◆ Exercise details
Everything from the line with "Line((3.75, 8.5), (3.75, 5.236860279))" to the end of the material is to be retyped exactly, both ends included, and nothing else.

◆ Provided data
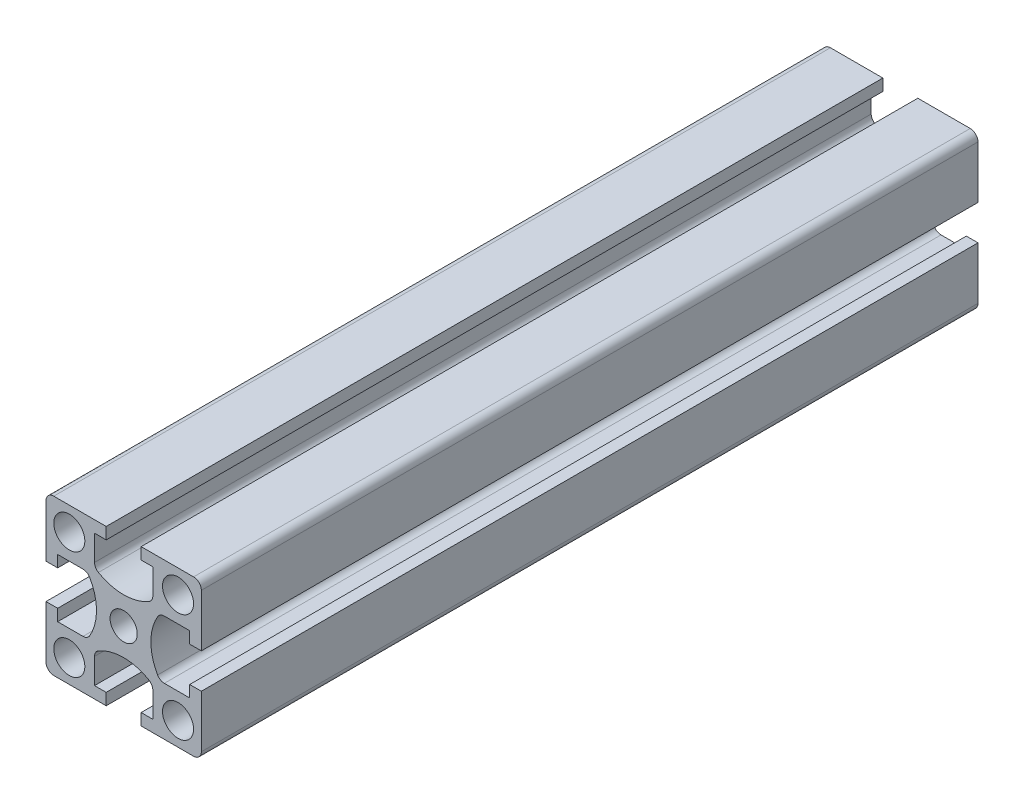
from build123d import *

# Parameters (mm, degrees)
SKETCH1_R           = 2
SKETCH1_R_2         = 1.75
BOSS_EXTRUDE1_DEPTH = 100


with BuildPart() as part:
    # Sketch1 → Boss-Extrude1 (new body)
    with BuildSketch(Plane.XY):
        with BuildLine():
            Line((-10, 9), (-10, 2.25))
            Line((-10, 2.25), (-8.5, 2.25))
            Line((-8.5, 2.25), (-8.5, 3.75))
            Line((-8.5, 3.75), (-5.236860279, 3.75))
            ThreePointArc((-5.236860279, 3.75), (-4.736860279, 3.616025404), (-4.370834875, 3.25))
            ThreePointArc((-4.370834875, 3.25), (-3.5, 0), (-4.370834875, -3.25))
            ThreePointArc((-4.370834875, -3.25), (-4.736860279, -3.616025404), (-5.236860279, -3.75))
            Line((-5.236860279, -3.75), (-8.5, -3.75))
            Line((-8.5, -3.75), (-8.5, -2.25))
            Line((-8.5, -2.25), (-10, -2.25))
            Line((-10, -2.25), (-10, -9))
            ThreePointArc((-10, -9), (-9.707106781, -9.707106781), (-9, -10))
            Line((-9, -10), (-2.25, -10))
            Line((-2.25, -10), (-2.25, -8.5))
            Line((-2.25, -8.5), (-3.75, -8.5))
            Line((-3.75, -8.5), (-3.75, -5.236860279))
            ThreePointArc((-3.75, -5.236860279), (-3.616025404, -4.736860279), (-3.25, -4.370834875))
            ThreePointArc((-3.25, -4.370834875), (0, -3.5), (3.25, -4.370834875))
            ThreePointArc((3.25, -4.370834875), (3.616025404, -4.736860279), (3.75, -5.236860279))
            Line((3.75, -5.236860279), (3.75, -8.5))
            Line((3.75, -8.5), (2.25, -8.5))
            Line((2.25, -8.5), (2.25, -10))
            Line((2.25, -10), (9, -10))
            ThreePointArc((9, -10), (9.707106781, -9.707106781), (10, -9))
            Line((10, -9), (10, -2.25))
            Line((10, -2.25), (8.5, -2.25))
            Line((8.5, -2.25), (8.5, -3.75))
            Line((8.5, -3.75), (5.236860279, -3.75))
            ThreePointArc((5.236860279, -3.75), (4.736860279, -3.616025404), (4.370834875, -3.25))
            ThreePointArc((4.370834875, -3.25), (3.5, 0), (4.370834875, 3.25))
            ThreePointArc((4.370834875, 3.25), (4.736860279, 3.616025404), (5.236860279, 3.75))
            Line((5.236860279, 3.75), (8.5, 3.75))
            Line((8.5, 3.75), (8.5, 2.25))
            Line((8.5, 2.25), (10, 2.25))
            Line((10, 2.25), (10, 9))
            ThreePointArc((10, 9), (9.707106781, 9.707106781), (9, 10))
            Line((9, 10), (2.25, 10))
            Line((2.25, 10), (2.25, 8.5))
            Line((2.25, 8.5), (3.75, 8.5))
            Line((3.75, 8.5), (3.75, 5.236860279))
            ThreePointArc((3.75, 5.236860279), (3.616025404, 4.736860279), (3.25, 4.370834875))
            ThreePointArc((3.25, 4.370834875), (0, 3.5), (-3.25, 4.370834875))
            ThreePointArc((-3.25, 4.370834875), (-3.616025404, 4.736860279), (-3.75, 5.236860279))
            Line((-3.75, 5.236860279), (-3.75, 8.5))
            Line((-3.75, 8.5), (-2.25, 8.5))
            Line((-2.25, 8.5), (-2.25, 10))
            Line((-2.25, 10), (-9, 10))
            ThreePointArc((-9, 10), (-9.707106781, 9.707106781), (-10, 9))
        make_face()
        with Locations((-7, -7)):
            Circle(SKETCH1_R, mode=Mode.SUBTRACT)
        with Locations((7, -7)):
            Circle(SKETCH1_R, mode=Mode.SUBTRACT)
        with Locations((7, 7)):
            Circle(SKETCH1_R, mode=Mode.SUBTRACT)
        Circle(SKETCH1_R_2, mode=Mode.SUBTRACT)
        with Locations((-7, 7)):
            Circle(SKETCH1_R, mode=Mode.SUBTRACT)
    extrude(amount=BOSS_EXTRUDE1_DEPTH)


solid = part.part

◆ Output below
            Line((3.75, 8.5), (3.75, 5.236860279))
            ThreePointArc((3.75, 5.236860279), (3.616025404, 4.736860279), (3.25, 4.370834875))
            ThreePointArc((3.25, 4.370834875), (0, 3.5), (-3.25, 4.370834875))
            ThreePointArc((-3.25, 4.370834875), (-3.616025404, 4.736860279), (-3.75, 5.236860279))
            Line((-3.75, 5.236860279), (-3.75, 8.5))
            Line((-3.75, 8.5), (-2.25, 8.5))
            Line((-2.25, 8.5), (-2.25, 10))
            Line((-2.25, 10), (-9, 10))
            ThreePointArc((-9, 10), (-9.707106781, 9.707106781), (-10, 9))
        make_face()
        with Locations((-7, -7)):
            Circle(SKETCH1_R, mode=Mode.SUBTRACT)
        with Locations((7, -7)):
            Circle(SKETCH1_R, mode=Mode.SUBTRACT)
        with Locations((7, 7)):
            Circle(SKETCH1_R, mode=Mode.SUBTRACT)
        Circle(SKETCH1_R_2, mode=Mode.SUBTRACT)
        with Locations((-7, 7)):
            Circle(SKETCH1_R, mode=Mode.SUBTRACT)
    extrude(amount=BOSS_EXTRUDE1_DEPTH)


solid = part.part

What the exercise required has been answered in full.